Extracting structured dynamical systems using sparse optimization with very few samples

Hayden Schaeffer
Department of Mathematical Sciences
Carnegie Mellon University
Pittsburgh, PA 15213
schaeffer@cmu.edu

Giang Tran
Department of Applied Mathematics
University of Waterloo
Waterloo, Ontario, Canada
giang.tran@uwaterloo.ca

Rachel Ward
Department of Mathematics
The University of Texas at Austin
Austin, TX
rward@math.utexas.edu

Linan Zhang
Department of Mathematical Sciences
Carnegie Mellon University
Pittsburgh, PA 15213
linanz@andrew.cmu.edu

Abstract: Learning governing equations allows for deeper understanding of the structure and dynamics of data. We present a random sampling method for learning structured dynamical systems from under-sampled and possibly noisy state-space measurements. The learning problem takes the form of a sparse least-squares fitting over a large set of candidate functions.

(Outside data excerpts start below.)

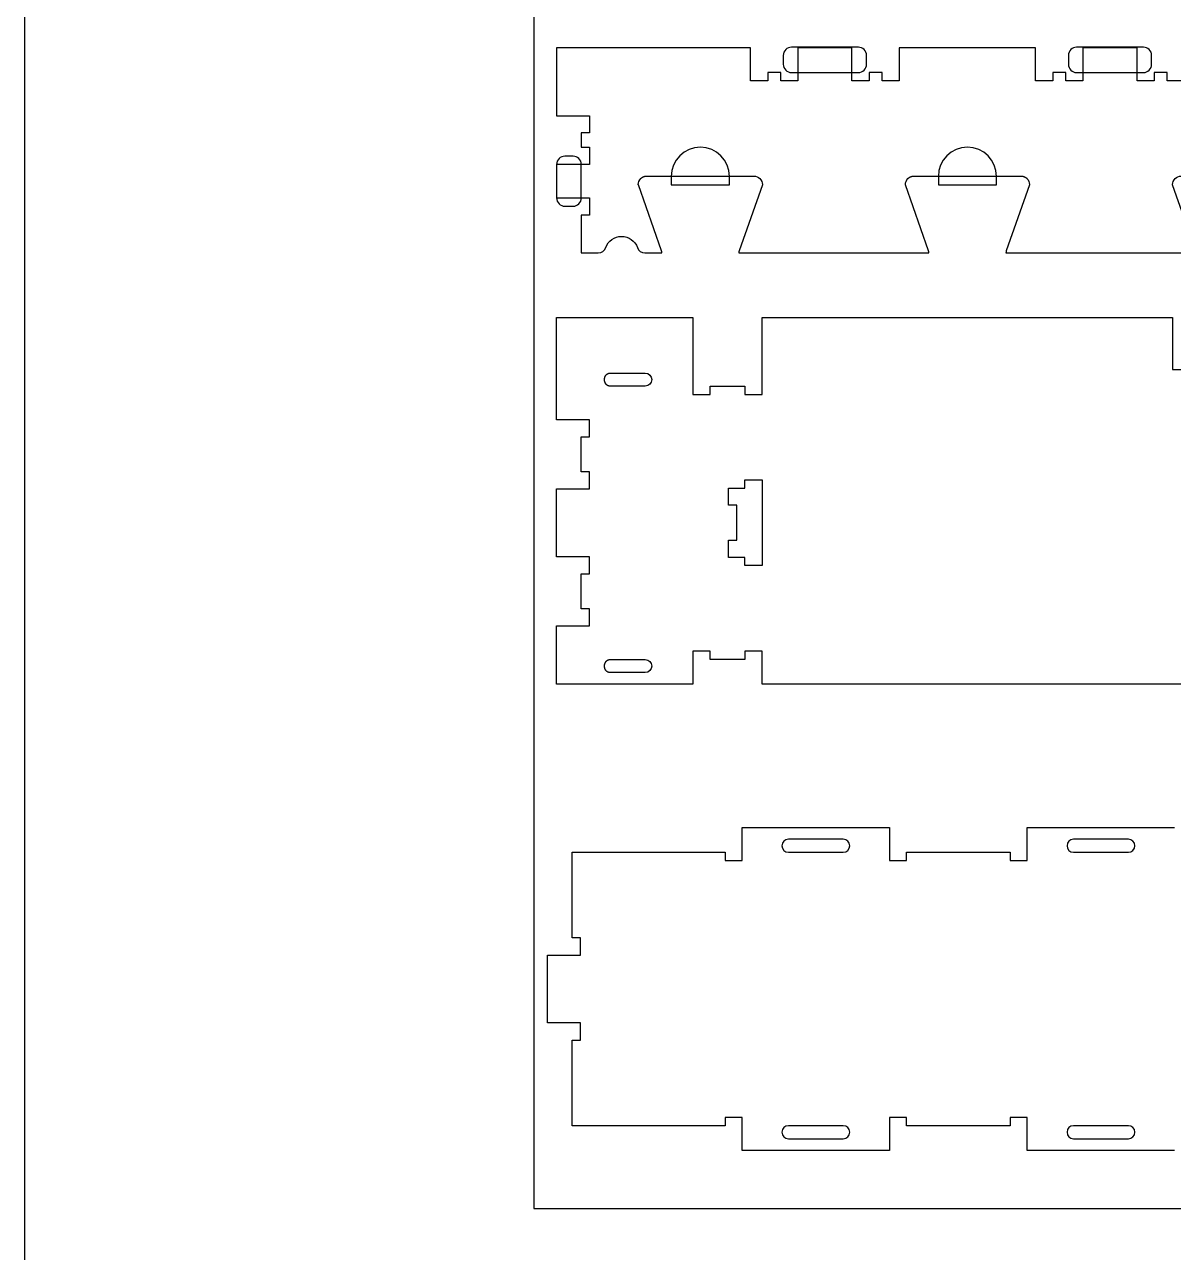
# Model space of a CAD drawing. Extents: x 0 to 4485, y 0 to 8771.
# Drawn here: x 0 to 838, y 3731 to 4627 of the extents above; entities that cross this region are included whole.
import ezdxf

# ---------------------------------------------------------------- set-up
doc = ezdxf.new("R2010")
doc.units = 0
for name, color, linetype in [('0_SHEET_SPRUCEPLY_2440X122', 1, 'CONTINUOUS'), ('3_ANYTOOL_CUTTHROUGH_INSID', 4, 'CONTINUOUS'), ('4_ANYTOOL_CUTTHROUGH_OUTSI', 5, 'CONTINUOUS'), ('5_ANYTOOL_HALF_MILL_9MM_IN', 3, 'CONTINUOUS'), ('DONOTCUT', 7, 'CONTINUOUS')]:
    doc.layers.add(name, color=color, linetype=linetype)

msp = doc.modelspace()

# ---------------------------------------------------------------- linework, layer by layer
at = {"layer": '0_SHEET_SPRUCEPLY_2440X122'}
msp.add_lwpolyline([(371.7, 4982.59), (371.7, 3762.59), (2811.7, 3762.59), (2811.7, 4982.59)], close=True, dxfattribs=at)
at = {"layer": '3_ANYTOOL_CUTTHROUGH_INSID', "color": 4}
for points in [[(452.9, 4372.16, -1), (452.9, 4362.66), (427.16, 4362.66), (427.06, 4362.66), (426.96, 4362.67), (426.86, 4362.67), (426.77, 4362.68), (426.67, 4362.7), (426.57, 4362.71), (426.48, 4362.73), (426.38, 4362.75), (426.28, 4362.77), (426.18, 4362.8), (426.08, 4362.83), (425.99, 4362.86), (425.89, 4362.89), (425.8, 4362.93), (425.7, 4362.97), (425.61, 4363.02), (425.51, 4363.06), (425.42, 4363.11), (425.32, 4363.17), (425.23, 4363.22), (425.14, 4363.28), (425.05, 4363.34), (424.97, 4363.41), (424.88, 4363.47), (424.8, 4363.54), (424.71, 4363.62), (424.63, 4363.69), (424.55, 4363.77), (424.47, 4363.85), (424.4, 4363.93), (424.33, 4364.01), (424.25, 4364.1), (424.18, 4364.19), (424.12, 4364.28), (424.05, 4364.37), (423.99, 4364.46), (423.93, 4364.56), (423.87, 4364.66), (423.81, 4364.75), (423.76, 4364.85), (423.71, 4364.96), (423.66, 4365.06), (423.61, 4365.16), (423.56, 4365.27), (423.52, 4365.37), (423.48, 4365.48), (423.44, 4365.58), (423.41, 4365.69), (423.38, 4365.8), (423.35, 4365.91), (423.32, 4366.01), (423.29, 4366.12), (423.27, 4366.23), (423.25, 4366.34), (423.23, 4366.45), (423.21, 4366.56), (423.2, 4366.67), (423.18, 4366.77), (423.17, 4366.88), (423.16, 4366.98), (423.16, 4367.09), (423.15, 4367.2), (423.15, 4367.3), (423.15, 4367.41), (423.15, 4367.52), (423.15, 4367.63), (423.16, 4367.73), (423.16, 4367.84), (423.17, 4367.94), (423.18, 4368.05), (423.2, 4368.16), (423.21, 4368.26), (423.23, 4368.37), (423.25, 4368.48), (423.27, 4368.59), (423.29, 4368.7), (423.32, 4368.81), (423.35, 4368.92), (423.38, 4369.02), (423.41, 4369.13), (423.44, 4369.24), (423.48, 4369.35), (423.52, 4369.45), (423.56, 4369.56), (423.61, 4369.66), (423.66, 4369.77), (423.71, 4369.87), (423.76, 4369.97), (423.81, 4370.07), (423.87, 4370.17), (423.93, 4370.26), (423.99, 4370.36), (424.05, 4370.45), (424.12, 4370.55), (424.18, 4370.64), (424.25, 4370.73), (424.33, 4370.81), (424.4, 4370.89), (424.47, 4370.98), (424.55, 4371.06), (424.63, 4371.13), (424.71, 4371.21), (424.8, 4371.28), (424.88, 4371.35), (424.97, 4371.42), (425.05, 4371.48), (425.14, 4371.54), (425.23, 4371.6), (425.32, 4371.66), (425.42, 4371.71), (425.51, 4371.76), (425.61, 4371.81), (425.7, 4371.85), (425.8, 4371.89), (425.89, 4371.93), (425.99, 4371.96), (426.08, 4372), (426.18, 4372.03), (426.28, 4372.05), (426.38, 4372.08), (426.48, 4372.1), (426.57, 4372.11), (426.67, 4372.13), (426.77, 4372.14), (426.86, 4372.15), (426.96, 4372.16), (427.06, 4372.16), (427.16, 4372.16)], [(452.9, 4153.66), (427.16, 4153.66), (427.06, 4153.66), (426.96, 4153.67), (426.86, 4153.67), (426.77, 4153.68), (426.67, 4153.7), (426.57, 4153.71), (426.48, 4153.73), (426.38, 4153.75), (426.28, 4153.77), (426.18, 4153.8), (426.08, 4153.83), (425.99, 4153.86), (425.89, 4153.89), (425.8, 4153.93), (425.7, 4153.97), (425.61, 4154.02), (425.51, 4154.06), (425.42, 4154.11), (425.32, 4154.17), (425.23, 4154.22), (425.14, 4154.28), (425.05, 4154.34), (424.97, 4154.41), (424.88, 4154.47), (424.8, 4154.54), (424.71, 4154.62), (424.63, 4154.69), (424.55, 4154.77), (424.47, 4154.85), (424.4, 4154.93), (424.33, 4155.01), (424.25, 4155.1), (424.18, 4155.19), (424.12, 4155.28), (424.05, 4155.37), (423.99, 4155.46), (423.93, 4155.56), (423.87, 4155.66), (423.81, 4155.75), (423.76, 4155.85), (423.71, 4155.96), (423.66, 4156.06), (423.61, 4156.16), (423.56, 4156.27), (423.52, 4156.37), (423.48, 4156.48), (423.44, 4156.58), (423.41, 4156.69), (423.38, 4156.8), (423.35, 4156.91), (423.32, 4157.01), (423.29, 4157.12), (423.27, 4157.23), (423.25, 4157.34), (423.23, 4157.45), (423.21, 4157.56), (423.2, 4157.67), (423.18, 4157.77), (423.17, 4157.88), (423.16, 4157.98), (423.16, 4158.09), (423.15, 4158.2), (423.15, 4158.3), (423.15, 4158.41), (423.15, 4158.52), (423.15, 4158.63), (423.16, 4158.73), (423.16, 4158.84), (423.17, 4158.94), (423.18, 4159.05), (423.2, 4159.16), (423.21, 4159.26), (423.23, 4159.37), (423.25, 4159.48), (423.27, 4159.59), (423.29, 4159.7), (423.32, 4159.81), (423.35, 4159.92), (423.38, 4160.02), (423.41, 4160.13), (423.44, 4160.24), (423.48, 4160.35), (423.52, 4160.45), (423.56, 4160.56), (423.61, 4160.66), (423.66, 4160.77), (423.71, 4160.87), (423.76, 4160.97), (423.81, 4161.07), (423.87, 4161.17), (423.93, 4161.26), (423.99, 4161.36), (424.05, 4161.45), (424.12, 4161.55), (424.18, 4161.64), (424.25, 4161.73), (424.33, 4161.81), (424.4, 4161.89), (424.47, 4161.98), (424.55, 4162.06), (424.63, 4162.13), (424.71, 4162.21), (424.8, 4162.28), (424.88, 4162.35), (424.97, 4162.42), (425.05, 4162.48), (425.14, 4162.54), (425.23, 4162.6), (425.32, 4162.66), (425.42, 4162.71), (425.51, 4162.76), (425.61, 4162.81), (425.7, 4162.85), (425.8, 4162.89), (425.89, 4162.93), (425.99, 4162.96), (426.08, 4163), (426.18, 4163.03), (426.28, 4163.05), (426.38, 4163.08), (426.48, 4163.1), (426.57, 4163.11), (426.67, 4163.13), (426.77, 4163.14), (426.86, 4163.15), (426.96, 4163.16), (427.06, 4163.16), (427.16, 4163.16), (452.9, 4163.16, -1)], [(597.35, 4022.53, 1), (597.35, 4032.03), (557.35, 4032.03, 1), (557.35, 4022.53)], [(805.35, 4022.53, 1), (805.35, 4032.03), (765.35, 4032.03, 1), (765.35, 4022.53)], [(597.35, 3823.03), (557.35, 3823.03, 1), (557.35, 3813.53), (597.35, 3813.53, 1)], [(805.35, 3823.03), (765.35, 3823.03, 1), (765.35, 3813.53), (805.35, 3813.53, 1)]]:
    msp.add_lwpolyline(points, format="xyb", close=True, dxfattribs=at)
msp.add_lwpolyline([(537.9, 4231.71), (525.65, 4231.71), (525.65, 4237.71), (513.65, 4237.71), (513.65, 4250.21), (519.65, 4250.21), (519.65, 4275.71), (513.65, 4275.71), (513.65, 4288.21), (525.65, 4288.21), (525.65, 4294.21), (538.15, 4294.21), (538.15, 4231.71)], close=True, dxfattribs=at)
at = {"layer": '4_ANYTOOL_CUTTHROUGH_OUTSI', "color": 5}
for points in [[(846.22, 4585.46), (833.72, 4585.46), (833.72, 4585.71), (833.72, 4591.46), (824.22, 4591.46), (824.22, 4585.71), (824.22, 4585.46), (811.72, 4585.46), (811.72, 4585.71), (811.72, 4609.46), (772.22, 4609.46), (772.22, 4585.71), (772.22, 4585.46), (759.72, 4585.46), (759.72, 4585.71), (759.72, 4591.46), (750.22, 4591.46), (750.22, 4585.71), (750.22, 4585.46), (737.72, 4585.46), (737.72, 4585.71), (737.72, 4609.46), (638.22, 4609.46), (638.22, 4585.71), (638.22, 4585.46), (625.72, 4585.46), (625.72, 4585.71), (625.72, 4591.46), (616.22, 4591.46), (616.22, 4585.71), (616.22, 4585.46), (603.72, 4585.46), (603.72, 4585.71), (603.72, 4609.46), (564.22, 4609.46), (564.22, 4585.71), (564.22, 4585.46), (551.72, 4585.46), (551.72, 4585.71), (551.72, 4591.46), (542.22, 4591.46), (542.22, 4585.71), (542.22, 4585.46), (529.72, 4585.46), (529.72, 4585.71), (529.72, 4609.46), (388.22, 4609.46), (388.22, 4559.96), (412.22, 4559.96), (412.22, 4547.46), (406.22, 4547.46), (406.22, 4536.96), (412.22, 4536.96), (412.22, 4524.46), (388.22, 4524.46), (388.22, 4499.96), (412.22, 4499.96), (412.22, 4487.46), (406.22, 4487.46), (406.22, 4459.96), (418.63, 4459.96), (418.63, 4459.96, 0.317837), (424.05, 4463.79, -0.317837), (435.6, 4471.96, -0.317837), (447.15, 4463.79, 0.317837), (452.57, 4459.96), (464.97, 4459.96, 0.061485), (464.73, 4461.35), (447.84, 4509.63), (447.82, 4509.67), (447.82, 4509.71), (447.82, 4509.71, -0.198912), (449.65, 4514.13), (449.76, 4514.23), (449.87, 4514.34), (449.98, 4514.44), (450.1, 4514.54), (450.22, 4514.63), (450.34, 4514.72), (450.46, 4514.81), (450.59, 4514.9), (450.72, 4514.98), (450.85, 4515.07), (450.98, 4515.14), (451.12, 4515.22), (451.26, 4515.29), (451.4, 4515.36), (451.54, 4515.42), (451.68, 4515.48), (451.83, 4515.54), (451.97, 4515.6), (452.12, 4515.65), (452.27, 4515.69), (452.41, 4515.74), (452.56, 4515.78), (452.71, 4515.81), (452.87, 4515.84), (453.02, 4515.87), (453.17, 4515.89), (453.32, 4515.91), (453.47, 4515.93), (453.62, 4515.94), (453.77, 4515.95), (453.92, 4515.96), (454.07, 4515.96), (532.07, 4515.96, -0.414214), (538.32, 4509.71), (538.32, 4509.67), (538.31, 4509.63), (521.41, 4461.35), (521.41, 4461.35, 0.061485), (521.18, 4459.96), (659.87, 4459.96, 0.061485), (659.63, 4461.35), (642.74, 4509.63), (642.72, 4509.67), (642.72, 4509.71), (642.72, 4509.71, -0.198912), (644.55, 4514.13), (644.66, 4514.23), (644.77, 4514.34), (644.88, 4514.44), (645, 4514.54), (645.12, 4514.63), (645.24, 4514.72), (645.36, 4514.81), (645.49, 4514.9), (645.62, 4514.98), (645.75, 4515.07), (645.88, 4515.14), (646.02, 4515.22), (646.16, 4515.29), (646.3, 4515.36), (646.44, 4515.42), (646.58, 4515.48), (646.73, 4515.54), (646.87, 4515.6), (647.02, 4515.65), (647.17, 4515.69), (647.31, 4515.74), (647.46, 4515.78), (647.61, 4515.81), (647.77, 4515.84), (647.92, 4515.87), (648.07, 4515.89), (648.22, 4515.91), (648.37, 4515.93), (648.52, 4515.94), (648.67, 4515.95), (648.82, 4515.96), (648.97, 4515.96), (726.97, 4515.96), (727.12, 4515.96), (727.27, 4515.95), (727.42, 4515.94), (727.58, 4515.93), (727.73, 4515.91), (727.88, 4515.89), (728.03, 4515.87), (728.18, 4515.84), (728.33, 4515.81), (728.48, 4515.78), (728.63, 4515.74), (728.78, 4515.69), (728.93, 4515.65), (729.07, 4515.6), (729.22, 4515.54), (729.36, 4515.48), (729.51, 4515.42), (729.65, 4515.36), (729.79, 4515.29), (729.93, 4515.22), (730.06, 4515.14), (730.19, 4515.07), (730.33, 4514.98), (730.45, 4514.9), (730.58, 4514.81), (730.71, 4514.72), (730.83, 4514.63), (730.95, 4514.54), (731.06, 4514.44), (731.17, 4514.34), (731.28, 4514.23), (731.39, 4514.13, -0.198912), (733.22, 4509.71), (733.22, 4509.67), (733.21, 4509.63), (716.31, 4461.35), (716.31, 4461.35, 0.061485), (716.08, 4459.96), (854.77, 4459.96, 0.061485)], [(854.53, 4461.35), (837.64, 4509.63), (837.62, 4509.67), (837.62, 4509.71), (837.62, 4509.71, -0.414214), (843.87, 4515.96)]]:
    msp.add_lwpolyline(points, format="xyb", dxfattribs=at)
for points in [[(1138.15, 4145.16), (538.15, 4145.16), (538.15, 4169.16), (525.65, 4169.16), (525.65, 4163.16), (500.15, 4163.16), (500.15, 4169.16), (487.65, 4169.16), (487.65, 4145.16), (388.15, 4145.16), (388.15, 4187.66), (412.15, 4187.66), (412.15, 4200.16), (406.15, 4200.16), (406.15, 4225.66), (412.15, 4225.66), (412.15, 4238.16), (388.15, 4238.16), (388.15, 4287.66), (412.15, 4287.66), (412.15, 4300.16), (406.15, 4300.16), (406.15, 4325.66), (412.15, 4325.66), (412.15, 4338.16), (388.15, 4338.16), (388.15, 4412.66), (487.65, 4412.66), (487.65, 4356.66), (500.15, 4356.66), (500.15, 4362.66), (525.65, 4362.66), (525.65, 4356.66), (538.15, 4356.66), (538.15, 4412.66), (837.65, 4412.66), (837.65, 4374.75), (850.15, 4374.75)], [(839.1, 3805.03), (731.6, 3805.03), (731.6, 3829.03), (719.1, 3829.03), (719.1, 3823.03), (643.6, 3823.03), (643.6, 3829.03), (631.1, 3829.03), (631.1, 3805.03), (523.6, 3805.03), (523.6, 3829.03), (511.1, 3829.03), (511.1, 3823.03), (399.6, 3823.03), (399.6, 3885.53), (405.6, 3885.53), (405.6, 3898.03), (381.6, 3898.03), (381.6, 3947.53), (405.6, 3947.53), (405.6, 3960.03), (399.6, 3960.03), (399.6, 4022.53), (511.1, 4022.53), (511.1, 4016.53), (523.6, 4016.53), (523.6, 4040.53), (631.1, 4040.53), (631.1, 4016.53), (643.6, 4016.53), (643.6, 4022.53), (719.1, 4022.53), (719.1, 4016.53), (731.6, 4016.53), (731.6, 4040.53), (839.1, 4040.53)]]:
    msp.add_lwpolyline(points, dxfattribs=at)
at = {"layer": '5_ANYTOOL_HALF_MILL_9MM_IN'}
for points in [[(559.6, 4609.96, 0.414214), (553.6, 4603.96), (553.6, 4597.46, 0.414214), (559.6, 4591.46), (608.35, 4591.46, 0.414214), (614.35, 4597.46), (614.35, 4603.96, 0.414214), (608.35, 4609.96)], [(767.6, 4609.96, 0.414214), (761.6, 4603.96), (761.6, 4597.46, 0.414214), (767.6, 4591.46), (816.35, 4591.46, 0.414214), (822.35, 4597.46), (822.35, 4603.96, 0.414214), (816.35, 4609.96)], [(514.32, 4515.71, 1), (471.82, 4515.71), (471.82, 4515.46), (471.82, 4509.46), (514.32, 4509.46), (514.32, 4515.46), (514.32, 4515.71)], [(709.22, 4515.71, 1), (666.72, 4515.71), (666.72, 4515.46), (666.72, 4509.46), (709.22, 4509.46), (709.22, 4515.46), (709.22, 4515.71)], [(394.22, 4530.46, 0.414214), (388.22, 4524.46), (388.22, 4499.96, 0.414214), (394.22, 4493.96), (400.22, 4493.96, 0.414214), (406.22, 4499.96), (406.22, 4524.46, 0.414214), (400.22, 4530.46)]]:
    msp.add_lwpolyline(points, format="xyb", close=True, dxfattribs=at)
at = {"layer": 'DONOTCUT'}
msp.add_lwpolyline([(0, 0), (3183.41, 0), (3183.41, 5593.43), (0, 5593.43)], close=True, dxfattribs=at)

doc.saveas('drawing.dxf')

Based on a Bernstein-like inequality for partly dependent random variables, we provide theoretical guarantees on the recovery rate of the sparse coefficients and the identification of the candidate functions for the corresponding problem. Computational results are demonstrated on datasets generated by the Lorenz 96 equation, the viscous Burgers' equation, and the two-component reaction-diffusion equations (which is challenging due to parameter sensitives in the model). This formulation has several advantages including ease of use, theoretical guarantees of success, and computational efficiency with respect to ambient dimension and number of candidate functions.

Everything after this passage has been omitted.